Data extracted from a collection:
Start of Block

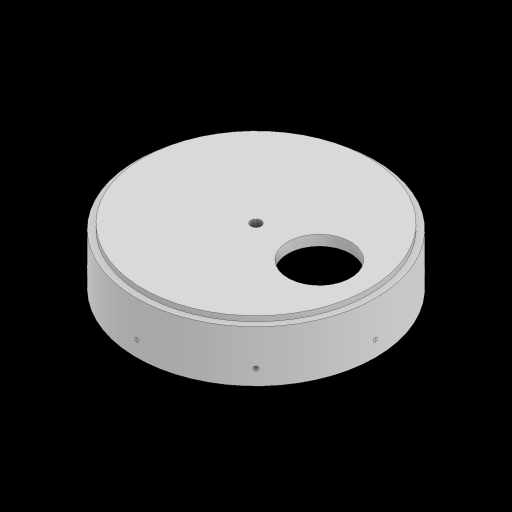
# Autodesk Inventor part: SC-1-01-Housing lid
Saved by Autodesk Inventor 2023 (Build 270158000, 158)
## iProperties
Created: 2023-12-31
Part Number: SC-1-01-Housing lid
Material: Generic
Document SubType Name: Modeling
Designer: annah
Density: 1 g/cm^3
Appearance: Default
Author: annah
Autodesk Inventor part; units mm, degrees
ref_plane "YZ Plane" through (0, 0, 0) normal (1, 0, 0) x (0, 1, 0)
ref_plane "XZ Plane" through (0, 0, 0) normal (0, 1, 0) x (-1, 0, 0)
sketch "Sketch1" plane through (0, 0, 0) normal (0, 1, 0) x (-1, 0, 0)
  circle A0 centre (0, 0) radius 65.0875
  circle A1 centre (0, -39.0525) radius 19.3675
  circle A2 centre (39.0525, 0) radius 19.3675
  circle A3 centre (0, 39.0525) radius 19.3675
  circle A4 centre (-39.0525, 0) radius 19.3675
  circle A5 centre (0, 0) radius 3.175
  circle A6 centre (0, 0) radius 69.85
  dimension "d2" = 130.175
  dimension "d3" = 38.735
  dimension "d4" = 39.0525
  dimension "d5" = 360
  dimension "d6" = 6.35
  dimension "d7" = 139.7
  constraints: 7 centre point, 2 coincident, 9 other
  measures "d2" diameter of A0
  measures "d3" diameter of A1
  measures "d4" distance of point (0, 0) A1.centre
  measures "d6" diameter of A5
  measures "d7" diameter of A6
extrude "Extrusion1" add sketch "Sketch1" along normal blind 19.05 contours A0 | A1 | A2 | A3 | A6
sketch "Sketch2" plane through (0, 0, 0) normal (0, -1, 0) x (1, 0, 0)
  circle A0 centre (0, 0) radius 3.175 projected
  circle A1 centre (0, 0) radius 67.4688
  dimension "d10" = 134.9375
  constraints: 1 centre point, 1 coincident
  measures "d10" diameter of A1
extrude "Extrusion2" cut sketch "Sketch2" against normal blind 12.7 contours A0 | A1
sketch "Sketch3" plane through (0, 0, 0) normal (0, -1, 0) x (1, 0, 0)
  circle A0 centre (0, 0) radius 3.175 projected
  circle A1 centre (0, 0) radius 73.66
  circle A2 centre (0, 0) radius 67.4688
  circle A3 centre (0, 0) radius 69.85
  dimension "d13" = 147.32
  constraints: 3 centre point, 3 coincident
  measures "d13" diameter of A1
extrude "Extrusion3" add sketch "Sketch3" along normal mid plane 31.75 contours A1
ref_plane "Work Plane1" through (0, 0, 73.66) normal (0, 0, 1) x (1, 0, 0)
sketch "Sketch4" plane through (0, 0, 73.66) normal (0, 0, 1) x (1, 0, 0)
  circle A0 centre (0, -6.35) radius 1.27
  line L0 (73.66, 15.875) -> (-73.66, 15.875) projected
  line L1 (-73.66, -15.875) -> (73.66, -15.875) projected
  point P0 (0, 0)
  dimension "d17" = 2.54
  dimension "d30" = 9.525
  constraints: 1 centre point
  measures "d17" diameter of A0
  measures "d30" distance from line of L1 A0.centre
extrude "Extrusion4" cut sketch "Sketch4" against normal up to surface round surface about axis through (0, 0, 0) along (0, -1, 0) radius 69.85 far side no
pattern_circular "Circular Pattern1" count 8 over 360 about axis through (0, -10, 0) along (0, 1, 0) of "Extrusion4"
extrude "Extrusion5" add sketch "Sketch4" against normal up to surface round surface about axis through (0, 0, 0) along (0, -1, 0) radius 73.66 far side no
pattern_circular "Circular Pattern2" count 4 over 360 about axis through (0, -10, 0) along (0, 1, 0) of "Extrusion5"
equation "\"d4\" = 0.3 * d2"
body "Solid1"
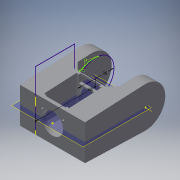
# Autodesk Inventor part: knuckle1
Saved by Autodesk Inventor 2018 (Build 220112000, 112)
## iProperties
Created: 2018-02-01
Part Number: knuckle1
Material: Generic
Document SubType Name: Modeling
Designer: Clevo
Density: 1 g/cm^3
Appearance: Default
Author: Clevo
Autodesk Inventor part; units mm, degrees
ref_plane "YZ Plane" through (0, 0, 0) normal (1, 0, 0) x (0, 1, 0)
ref_plane "XZ Plane" through (0, 0, 0) normal (0, 1, 0) x (-1, 0, 0)
ref_plane "XY Plane" through (0, 0, 0) normal (0, 0, 1) x (1, 0, 0)
sketch "Sketch1" plane through (0, 0, 0) normal (0, 1, 0) x (-1, 0, 0)
  line L0 (12.25, 22.5) -> (-12.25, 22.5)
  line L1 (-12.25, 22.5) -> (-12.25, -22.5)
  line L2 (-12.25, -22.5) -> (12.25, -22.5)
  line L3 (12.25, -22.5) -> (12.25, 22.5)
  point P0 (0, 0)
  point P1 (12.25, 0)
  point P2 (0, 22.5)
  dimension "d0" = 24.5
  dimension "d1" = 45
  constraints: 8 end point, 2 midpoint, 2 parallel, 1 horizontal, 1 horizontal alignment, 1 perpendicular, 1 vertical alignment
  measures "d0" distance of L2.end L1.end
  measures "d1" distance of L1.end L0.end
extrude "Extrusion1" add sketch "Sketch1" along normal blind 1.95
sketch "Sketch2" plane through (0, 1.95, 0) normal (0, 1, 0) x (1, 0, 0)
  line L0 (-10, 1.25) -> (10, 1.25)
  line L1 (10, 1.25) -> (10, -17.25)
  line L2 (10, -17.25) -> (-10, -17.25)
  line L3 (-10, -17.25) -> (-10, 1.25)
  line L4 (-12.25, -22.5) -> (12.25, -22.5) projected
  line L5 (12.25, -22.5) -> (12.25, 22.5) projected
  line L6 (12.25, 22.5) -> (-12.25, 22.5) projected
  line L7 (-12.25, 22.5) -> (-12.25, -22.5) projected
  line L8 (-7, -17.25) -> (7, -17.25)
  line L9 (7, -17.25) -> (7, -22.5)
  line L10 (7, -22.5) -> (-7, -22.5)
  line L11 (-7, -22.5) -> (-7, -17.25)
  line L12 (-12.25, -22.5) -> (12.25, -22.5) projected
  point P0 (0, 0)
  dimension "d4" = 2.25
  dimension "d5" = 20
  dimension "d6" = 2.25
  dimension "d7" = 5.25
  dimension "d8" = 5.25
  dimension "d9" = 14
  dimension "d10" = 5.25
  dimension "d11" = 18.5
  constraints: 16 end point, 4 parallel, 2 horizontal, 2 perpendicular, 1 collinear, 1 point on line
  measures "d4" distance between parallel lines of L7 L3
  measures "d5" distance of L0.start L0.end
  measures "d6" distance between parallel lines of L5 L1
  measures "d7" distance of L8.end L9.end
  measures "d8" distance between parallel lines of L7 L11
  measures "d9" distance between parallel lines of L9 L11
  measures "d10" distance between parallel lines of L5 L9
  measures "d11" distance of L0.end L1.end
extrude "Extrusion2" cut sketch "Sketch2" against normal up to surface (1.95 mm away) contours L0 L1 L2 L3 | L2 L9 L4 L11
sketch "Sketch3" plane through (0, 1.95, 0) normal (0, 1, 0) x (1, 0, 0)
  line L0 (-7, -22.5) -> (-7, -17.25) projected
  line L1 (-7, -17.25) -> (-10, -17.25) projected
  line L2 (-10, -17.25) -> (-10, 1.25) projected
  line L3 (-10, 1.25) -> (10, 1.25) projected
  line L4 (10, 1.25) -> (10, -17.25) projected
  line L5 (10, -17.25) -> (7, -17.25) projected
  line L6 (7, -17.25) -> (7, -22.5) projected
  line L7 (7, -22.5) -> (12.25, -22.5) projected
  line L8 (12.25, -22.5) -> (12.25, 22.5) projected
  line L9 (12.25, 22.5) -> (-12.25, 22.5) projected
  line L10 (-12.25, 22.5) -> (-12.25, -22.5) projected
  line L11 (-12.25, -22.5) -> (-7, -22.5) projected
  point P0 (0, 0)
  point P1 (-10.25, -20.305)
  point P2 (10.25, -20.305)
  dimension "d14" = 20.5
  dimension "d15" = 2
  dimension "d16" = 2.195
  dimension "d17" = 2
  constraints: 1 horizontal alignment
  measures "d14" distance of point (10.25, -20.305) point (-10.25, -20.305)
  measures "d15" distance from line of L8 point (10.25, -20.305)
  measures "d16" distance from line of L11 point (-10.25, -20.305)
  measures "d17" distance from line of L10 point (-10.25, -20.305)
hole "Hole1" at (-10.25, 1.95, 20.305) at (10.25, 1.95, 20.305) direction (0, -1, 0) diameter 2.4 end through all clearance for "Flat Head Machine Screw" size "M2" standard "Ansi Metric M Profile"
sketch "Sketch4" plane through (0, 1.95, 0) normal (0, 1, 0) x (1, 0, 0)
  circle A0 centre (-10.25, -20.305) radius 1.2 projected
  circle A1 centre (10.25, -20.305) radius 1.2 projected
  line L0 (-7, -22.5) -> (-7, -17.25) projected
  line L1 (-7, -17.25) -> (-10, -17.25) projected
  line L2 (-10, -17.25) -> (-10, 1.25) projected
  line L3 (-10, 1.25) -> (10, 1.25) projected
  line L4 (10, 1.25) -> (10, -17.25) projected
  line L5 (10, -17.25) -> (7, -17.25) projected
  line L6 (7, -17.25) -> (7, -22.5) projected
  line L7 (7, -22.5) -> (12.25, -22.5) projected
  line L8 (12.25, -22.5) -> (12.25, 22.5) projected
  line L9 (12.25, 22.5) -> (-12.25, 22.5) projected
  line L10 (-12.25, 22.5) -> (-12.25, -22.5) projected
  line L11 (-12.25, -22.5) -> (-7, -22.5) projected
  point P0 (0, 0)
  point P1 (-10.25, 4.15)
  point P2 (10.25, 4.15)
  dimension "d25" = 20.5
  dimension "d26" = 26.65
  dimension "d27" = 2
  dimension "d28" = 2
  constraints: 1 horizontal alignment
  measures "d25" distance of point (10.25, 4.15) point (-10.25, 4.15)
  measures "d26" distance from line of L11 point (-10.25, 4.15)
  measures "d27" distance from line of L10 point (-10.25, 4.15)
  measures "d28" distance from line of L8 point (10.25, 4.15)
hole "Hole2" at (-10.25, 1.95, -4.15) at (10.25, 1.95, -4.15) direction (0, -1, 0) diameter 2.4 end through all clearance for "Flat Head Machine Screw" size "M2" standard "Ansi Metric M Profile"
fillet "Fillet1" radius 0.5 2 edges at (7, 0.975, 17.25) (-7, 0.975, 17.25)
sketch "Sketch5" plane through (0, 1.95, 0) normal (0, 1, 0) x (1, 0, 0)
  circle A0 centre (-10.25, 4.15) radius 1.2 projected
  circle A1 centre (10.25, 4.15) radius 1.2 projected
  circle A2 centre (-10.25, -20.305) radius 1.2 projected
  circle A3 centre (10.25, -20.305) radius 1.2 projected
  arc A4 (-7, -17.75) -> (-7.5, -17.25) centre (-7.5, -17.75) ccw projected
  line L0 (-7.5, -17.25) -> (-10, -17.25) projected
  line L1 (-10, -17.25) -> (-10, 1.25) projected
  line L2 (-10, 1.25) -> (10, 1.25) projected
  line L3 (10, 1.25) -> (10, -17.25) projected
  line L4 (10, -17.25) -> (7.5, -17.25) projected
  arc A5 (7.5, -17.25) -> (7, -17.75) centre (7.5, -17.75) ccw projected
  line L5 (7, -17.75) -> (7, -22.5) projected
  line L6 (7, -22.5) -> (12.25, -22.5) projected
  line L7 (12.25, -22.5) -> (12.25, 22.5) projected
  line L8 (12.25, 22.5) -> (-12.25, 22.5) projected
  line L9 (-12.25, 22.5) -> (-12.25, -22.5) projected
  line L10 (-12.25, -22.5) -> (-7, -22.5) projected
  line L11 (-7, -22.5) -> (-7, -17.75) projected
  line L12 (-12.25, 22.5) -> (-12.25, -22.5) projected
  line L13 (12.25, -22.5) -> (12.25, 22.5) projected
  line L14 (-12.25, -22.5) -> (12.25, -22.5)
  line L15 (12.25, -22.5) -> (12.25, -4.5)
  line L16 (12.25, -4.5) -> (10, -4.5)
  line L17 (-12.25, -4.5) -> (-12.25, -22.5)
  line L18 (-10, -4.5) -> (-12.25, -4.5)
  line L19 (10, -4.5) -> (-10, -4.5)
  point P0 (0, 0)
  dimension "d37" = 18
  constraints: 12 end point, 4 parallel, 3 point on line, 1 horizontal, 1 perpendicular
  measures "d37" distance between parallel lines of L14 L16
extrude "Extrusion3" add sketch "Sketch5" along normal blind 1 contours L11 L10 L9 L18 L1 L0 A4 | A4 L0 L1 L19 L3 L4 A5 L5 L14 L11 | L5 A5 L4 L3 L16 L7 L6 | L18 L9 L8 L7 L16 L3 L2 L1
sketch "Sketch6" plane through (12.25, 0, 22.5) normal (1, 0, 0) x (0, 0, -1)
  line L0 (0, 0) -> (45, 0) projected
  line L1 (45, 0) -> (45, 2.95) projected
  line L2 (0, 2.95) -> (45, 2.95) projected
  line L3 (0, 0) -> (0, 2.95) projected
  line L4 (45, 0) -> (45, 2.95) projected
  line L5 (45, 2.95) -> (0, 2.95)
  line L6 (0, 2.95) -> (0, -32)
  line L7 (0, -32) -> (45, -32)
  line L8 (45, -32) -> (45, 2.95)
  line L9 (0, 0) -> (0, 2.95) projected
  line L10 (0, 0) -> (45, 0) projected
  line L11 (45, 0) -> (0, 0)
  line L12 (0, 0) -> (0, -32)
  line L13 (0, -32) -> (45, -32)
  line L14 (45, -32) -> (45, 0)
  point P0 (22.5, 0)
  dimension "d72" = 32
  constraints: 16 end point, 4 parallel, 2 horizontal, 2 perpendicular, 1 collinear
  measures "d72" distance between parallel lines of L0 L7
extrude "Extrusion4" add sketch "Sketch6" along normal blind 5
sketch "Sketch7" plane through (12.25, -32, -22.5) normal (0, -1, 0) x (1, 0, 0)
  line L0 (0, 45) -> (0, 0) projected
  line L1 (0, 0) -> (5, 0) projected
  line L2 (5, 45) -> (5, 0) projected
  line L3 (0, 45) -> (5, 45) projected
  line L4 (0, 0) -> (-24.5, 0) projected
  line L5 (0, 0) -> (-24.5, 0)
  line L6 (-24.5, 0) -> (-24.5, 45)
  line L7 (-24.5, 45) -> (0, 45)
  line L8 (0, 45) -> (0, 0)
  point P0 (-12.25, 22.5)
  dimension "d43" = 24.5
  constraints: 8 end point, 2 parallel, 1 collinear, 1 horizontal, 1 perpendicular
  measures "d43" distance of L0.end L5.end
extrude "Extrusion5" add sketch "Sketch7" along normal blind 1.15
sketch "Sketch8" plane through (12.25, -33.15, -22.5) normal (0, -1, 0) x (1, 0, 0)
  line L0 (-24.5, 0) -> (5, 0) projected
  line L1 (5, 0) -> (5, 45) projected
  line L2 (5, 45) -> (-24.5, 45) projected
  line L3 (-24.5, 45) -> (-24.5, 0) projected
  circle A0 centre (-12.25, 10) radius 10.5
  line L4 (-19.25, 45) -> (-5.25, 45) projected
  line L5 (-5, 45) -> (-19.5, 45)
  line L6 (-19.5, 45) -> (-19.5, 36)
  line L7 (-19.5, 36) -> (-5, 36)
  line L8 (-5, 36) -> (-5, 45)
  line L9 (-2.25, 21.25) -> (-22.25, 21.25)
  line L10 (-22.25, 21.25) -> (-22.25, 36)
  line L11 (-22.25, 36) -> (-2.25, 36)
  line L12 (-2.25, 36) -> (-2.25, 21.25)
  line L13 (-5, 21.25) -> (-19.5, 21.25)
  line L14 (-19.5, 21.25) -> (-19.5, 17.25)
  line L15 (-19.5, 17.25) -> (-5, 17.25)
  line L16 (-5, 17.25) -> (-5, 21.25)
  line L17 (-24.5, 0) -> (5, 0) projected
  line L18 (-24.5, 45) -> (0, 45)
  line L19 (0, 45) -> (0, 0)
  line L20 (0, 0) -> (-24.5, 0)
  line L21 (-24.5, 0) -> (-24.5, 45)
  point P0 (-12.25, 22.5)
  dimension "d46" = 10
  dimension "d47" = 21
  dimension "d48" = 14.5
  dimension "d49" = 20
  dimension "d50" = 14.5
  dimension "d51" = 24.5
  dimension "d52" = 5
  dimension "d53" = 5
  dimension "d54" = 2.25
  dimension "d55" = 2.25
  dimension "d56" = 5
  dimension "d57" = 5
  dimension "d58" = 9
  dimension "d59" = 14.75
  dimension "d60" = 4
  constraints: 32 end point, 8 parallel, 4 horizontal, 4 perpendicular, 4 point on line, 1 centre point, 1 vertical alignment
  measures "d46" distance from line of L0 A0.centre
  measures "d47" diameter of A0
  measures "d48" distance between parallel lines of L6 L8
  measures "d49" distance of L10.end L11.end
  measures "d50" distance of L14.end L15.end
  measures "d51" distance between parallel lines of L3 L19
  measures "d52" distance between parallel lines of L19 L16
  measures "d53" distance between parallel lines of L3 L14
  measures "d54" distance between parallel lines of L19 L12
  measures "d55" distance between parallel lines of L3 L10
  measures "d56" distance between parallel lines of L3 L6
  measures "d57" distance between parallel lines of L19 L8
  measures "d58" distance of L5.end L6.end
  measures "d59" distance of L9.end L10.end
  measures "d60" distance of L13.end L14.end
extrude "Extrusion6" cut sketch "Sketch8" against normal up to surface (1.15 mm away) contours A0 L0 | L0 A0 L14 L15 L16 | L8 L7 L6 L2 | L14 L9 L16 A0 | A0 L16 L15 L14 | L11 L12 L9 L10 L7
sketch "Sketch9" plane through (12.25, -33.15, -22.5) normal (0, -1, 0) x (1, 0, 0)
  line L0 (-5, 45) -> (-5, 36) projected
  line L1 (-5, 36) -> (-2.25, 36) projected
  line L2 (-2.25, 36) -> (-2.25, 21.25) projected
  line L3 (-2.25, 21.25) -> (-5, 21.25) projected
  line L4 (-5, 21.25) -> (-5, 17.5952) projected
  arc A0 (-9.0484, 0) -> (-5, 17.5952) centre (-12.25, 10) ccw projected
  line L5 (-9.0484, 0) -> (5, 0) projected
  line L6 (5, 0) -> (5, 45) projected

End of Block

— Task to complete —
Which lines of the entries above contain the word "coincident"? Copy each of them.

— Response —
  constraints: 7 centre point, 2 coincident, 9 other
  constraints: 1 centre point, 1 coincident
  constraints: 3 centre point, 3 coincident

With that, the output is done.